EXERCISE OBJECTIVE: From the entries below, copy every line holding the word "name".

─── ENTRIES PROVIDED

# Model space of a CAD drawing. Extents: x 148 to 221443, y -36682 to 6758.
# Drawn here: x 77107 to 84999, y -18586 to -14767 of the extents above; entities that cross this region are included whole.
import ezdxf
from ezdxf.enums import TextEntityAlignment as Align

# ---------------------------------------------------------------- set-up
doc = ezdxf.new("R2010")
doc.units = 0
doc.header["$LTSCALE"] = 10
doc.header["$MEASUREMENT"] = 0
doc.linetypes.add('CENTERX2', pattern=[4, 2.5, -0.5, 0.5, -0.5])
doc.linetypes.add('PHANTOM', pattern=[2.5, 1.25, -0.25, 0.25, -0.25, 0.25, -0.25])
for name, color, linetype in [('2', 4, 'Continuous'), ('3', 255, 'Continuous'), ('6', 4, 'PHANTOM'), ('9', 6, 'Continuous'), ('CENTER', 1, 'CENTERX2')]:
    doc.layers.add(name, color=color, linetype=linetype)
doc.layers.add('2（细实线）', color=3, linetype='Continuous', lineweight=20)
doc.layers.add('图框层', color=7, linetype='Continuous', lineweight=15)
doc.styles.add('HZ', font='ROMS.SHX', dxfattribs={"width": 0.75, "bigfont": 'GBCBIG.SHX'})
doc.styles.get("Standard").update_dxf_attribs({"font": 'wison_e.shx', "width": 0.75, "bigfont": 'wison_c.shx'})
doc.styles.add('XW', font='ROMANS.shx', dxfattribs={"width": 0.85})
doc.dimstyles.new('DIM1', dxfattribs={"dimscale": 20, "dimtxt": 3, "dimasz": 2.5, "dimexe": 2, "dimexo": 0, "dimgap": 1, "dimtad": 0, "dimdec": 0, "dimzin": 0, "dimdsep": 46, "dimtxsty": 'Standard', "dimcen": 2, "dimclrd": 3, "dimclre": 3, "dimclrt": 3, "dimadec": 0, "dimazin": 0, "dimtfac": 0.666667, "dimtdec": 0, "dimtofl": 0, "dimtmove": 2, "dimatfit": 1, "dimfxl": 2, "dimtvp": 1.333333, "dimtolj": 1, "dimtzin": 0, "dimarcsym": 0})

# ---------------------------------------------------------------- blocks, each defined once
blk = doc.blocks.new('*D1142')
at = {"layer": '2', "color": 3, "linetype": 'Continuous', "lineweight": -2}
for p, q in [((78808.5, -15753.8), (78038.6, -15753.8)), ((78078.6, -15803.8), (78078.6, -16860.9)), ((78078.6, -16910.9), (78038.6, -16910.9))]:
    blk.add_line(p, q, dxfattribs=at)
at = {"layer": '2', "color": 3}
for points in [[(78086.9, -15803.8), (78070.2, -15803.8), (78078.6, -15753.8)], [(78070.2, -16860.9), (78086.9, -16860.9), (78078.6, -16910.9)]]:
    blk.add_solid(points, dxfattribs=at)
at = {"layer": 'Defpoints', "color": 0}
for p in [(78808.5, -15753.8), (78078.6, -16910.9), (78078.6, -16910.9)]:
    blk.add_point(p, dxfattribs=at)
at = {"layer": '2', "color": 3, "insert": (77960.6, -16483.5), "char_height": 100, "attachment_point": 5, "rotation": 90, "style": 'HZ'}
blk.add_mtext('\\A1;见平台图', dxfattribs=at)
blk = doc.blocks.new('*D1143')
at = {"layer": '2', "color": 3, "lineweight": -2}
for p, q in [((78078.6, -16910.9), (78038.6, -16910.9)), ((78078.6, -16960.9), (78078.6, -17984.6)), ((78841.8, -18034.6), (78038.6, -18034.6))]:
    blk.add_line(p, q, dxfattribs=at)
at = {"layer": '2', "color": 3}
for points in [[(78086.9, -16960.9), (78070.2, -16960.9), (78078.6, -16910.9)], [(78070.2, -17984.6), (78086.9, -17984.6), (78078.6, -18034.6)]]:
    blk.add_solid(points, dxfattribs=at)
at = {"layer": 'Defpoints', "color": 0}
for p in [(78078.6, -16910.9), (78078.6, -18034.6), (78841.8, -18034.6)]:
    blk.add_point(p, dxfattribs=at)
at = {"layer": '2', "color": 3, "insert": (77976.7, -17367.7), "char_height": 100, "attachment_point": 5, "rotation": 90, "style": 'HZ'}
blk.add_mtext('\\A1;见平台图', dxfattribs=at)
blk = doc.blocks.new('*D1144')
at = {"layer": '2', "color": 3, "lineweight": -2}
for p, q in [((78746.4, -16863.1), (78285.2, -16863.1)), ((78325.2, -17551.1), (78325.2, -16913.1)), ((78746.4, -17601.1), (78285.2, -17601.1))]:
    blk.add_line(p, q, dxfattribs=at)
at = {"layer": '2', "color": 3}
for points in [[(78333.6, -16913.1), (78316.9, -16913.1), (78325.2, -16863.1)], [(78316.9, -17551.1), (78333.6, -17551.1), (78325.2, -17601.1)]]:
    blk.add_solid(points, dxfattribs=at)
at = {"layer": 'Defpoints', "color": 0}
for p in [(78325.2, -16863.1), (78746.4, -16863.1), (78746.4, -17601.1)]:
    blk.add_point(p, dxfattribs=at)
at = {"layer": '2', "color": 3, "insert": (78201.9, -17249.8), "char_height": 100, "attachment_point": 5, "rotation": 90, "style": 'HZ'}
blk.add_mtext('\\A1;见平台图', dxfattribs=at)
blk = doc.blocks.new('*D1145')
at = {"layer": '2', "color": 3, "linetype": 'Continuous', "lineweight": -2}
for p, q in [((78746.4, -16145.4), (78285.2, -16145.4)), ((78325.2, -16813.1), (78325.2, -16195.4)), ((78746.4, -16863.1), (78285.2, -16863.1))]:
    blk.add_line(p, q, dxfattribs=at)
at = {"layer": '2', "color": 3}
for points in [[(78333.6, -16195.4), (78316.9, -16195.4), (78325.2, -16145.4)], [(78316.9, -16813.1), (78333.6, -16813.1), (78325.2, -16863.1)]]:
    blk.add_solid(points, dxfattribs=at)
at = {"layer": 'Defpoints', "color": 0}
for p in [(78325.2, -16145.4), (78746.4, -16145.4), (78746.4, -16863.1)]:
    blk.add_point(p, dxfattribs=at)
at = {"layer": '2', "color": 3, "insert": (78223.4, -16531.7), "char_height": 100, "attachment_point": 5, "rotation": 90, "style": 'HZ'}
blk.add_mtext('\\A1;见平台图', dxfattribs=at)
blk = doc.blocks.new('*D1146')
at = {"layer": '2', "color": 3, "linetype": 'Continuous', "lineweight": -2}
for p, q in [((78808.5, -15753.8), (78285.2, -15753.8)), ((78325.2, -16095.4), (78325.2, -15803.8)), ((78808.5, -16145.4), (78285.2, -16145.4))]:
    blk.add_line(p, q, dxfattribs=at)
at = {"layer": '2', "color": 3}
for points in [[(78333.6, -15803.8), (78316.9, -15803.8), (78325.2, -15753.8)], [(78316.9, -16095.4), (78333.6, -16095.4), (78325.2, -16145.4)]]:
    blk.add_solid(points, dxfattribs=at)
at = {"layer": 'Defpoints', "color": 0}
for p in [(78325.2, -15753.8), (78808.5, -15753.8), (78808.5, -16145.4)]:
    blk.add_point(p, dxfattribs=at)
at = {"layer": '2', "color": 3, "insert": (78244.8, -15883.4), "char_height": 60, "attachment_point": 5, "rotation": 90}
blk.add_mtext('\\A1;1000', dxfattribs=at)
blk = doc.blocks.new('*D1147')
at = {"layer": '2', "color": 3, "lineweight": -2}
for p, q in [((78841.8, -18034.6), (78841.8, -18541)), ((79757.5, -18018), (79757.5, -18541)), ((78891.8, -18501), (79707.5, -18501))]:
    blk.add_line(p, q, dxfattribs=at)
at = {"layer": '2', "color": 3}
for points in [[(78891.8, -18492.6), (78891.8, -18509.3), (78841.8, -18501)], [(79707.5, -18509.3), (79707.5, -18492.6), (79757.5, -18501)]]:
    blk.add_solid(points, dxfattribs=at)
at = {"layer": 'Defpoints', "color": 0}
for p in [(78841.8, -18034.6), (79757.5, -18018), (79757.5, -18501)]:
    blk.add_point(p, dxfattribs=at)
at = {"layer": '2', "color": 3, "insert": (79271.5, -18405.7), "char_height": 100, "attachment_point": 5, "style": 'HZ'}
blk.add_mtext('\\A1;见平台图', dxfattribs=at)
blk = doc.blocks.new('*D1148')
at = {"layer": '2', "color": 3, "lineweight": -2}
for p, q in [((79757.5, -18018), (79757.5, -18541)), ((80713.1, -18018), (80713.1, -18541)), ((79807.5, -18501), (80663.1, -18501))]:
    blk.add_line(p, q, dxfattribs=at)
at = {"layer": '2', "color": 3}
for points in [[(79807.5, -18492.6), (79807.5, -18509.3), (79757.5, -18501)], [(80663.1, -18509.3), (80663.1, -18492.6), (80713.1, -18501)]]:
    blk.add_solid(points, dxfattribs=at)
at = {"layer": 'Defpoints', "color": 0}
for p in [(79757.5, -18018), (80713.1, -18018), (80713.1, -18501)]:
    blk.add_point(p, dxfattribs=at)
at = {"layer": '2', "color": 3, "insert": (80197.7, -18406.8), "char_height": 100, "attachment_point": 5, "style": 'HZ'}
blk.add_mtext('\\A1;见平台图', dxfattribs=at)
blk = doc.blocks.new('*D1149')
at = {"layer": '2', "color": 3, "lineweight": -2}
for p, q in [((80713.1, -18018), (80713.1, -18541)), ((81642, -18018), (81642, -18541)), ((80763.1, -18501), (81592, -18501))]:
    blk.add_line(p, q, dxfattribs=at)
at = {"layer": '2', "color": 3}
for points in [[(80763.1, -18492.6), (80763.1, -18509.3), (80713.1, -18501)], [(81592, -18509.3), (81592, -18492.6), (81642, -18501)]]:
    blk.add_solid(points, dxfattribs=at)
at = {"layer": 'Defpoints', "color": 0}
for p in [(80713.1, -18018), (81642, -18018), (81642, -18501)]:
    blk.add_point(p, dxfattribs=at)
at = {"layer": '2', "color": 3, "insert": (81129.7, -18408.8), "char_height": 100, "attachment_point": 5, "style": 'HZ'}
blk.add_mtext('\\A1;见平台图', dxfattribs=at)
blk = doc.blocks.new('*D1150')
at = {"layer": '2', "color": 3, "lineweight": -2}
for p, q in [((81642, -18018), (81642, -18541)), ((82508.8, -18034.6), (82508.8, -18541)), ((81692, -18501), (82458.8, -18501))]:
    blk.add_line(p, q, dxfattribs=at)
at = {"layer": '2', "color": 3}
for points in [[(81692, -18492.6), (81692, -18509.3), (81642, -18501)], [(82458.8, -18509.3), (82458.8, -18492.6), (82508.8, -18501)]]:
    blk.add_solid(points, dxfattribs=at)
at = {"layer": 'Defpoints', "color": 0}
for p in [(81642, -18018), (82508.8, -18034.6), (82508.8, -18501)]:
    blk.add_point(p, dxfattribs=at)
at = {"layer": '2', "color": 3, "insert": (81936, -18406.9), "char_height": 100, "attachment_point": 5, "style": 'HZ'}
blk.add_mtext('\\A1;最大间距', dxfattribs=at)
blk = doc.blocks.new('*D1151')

──────

YOUR RESPONSE:
for name, color, linetype in [('2', 4, 'Continuous'), ('3', 255, 'Continuous'), ('6', 4, 'PHANTOM'), ('9', 6, 'Continuous'), ('CENTER', 1, 'CENTERX2')]:
    doc.layers.add(name, color=color, linetype=linetype)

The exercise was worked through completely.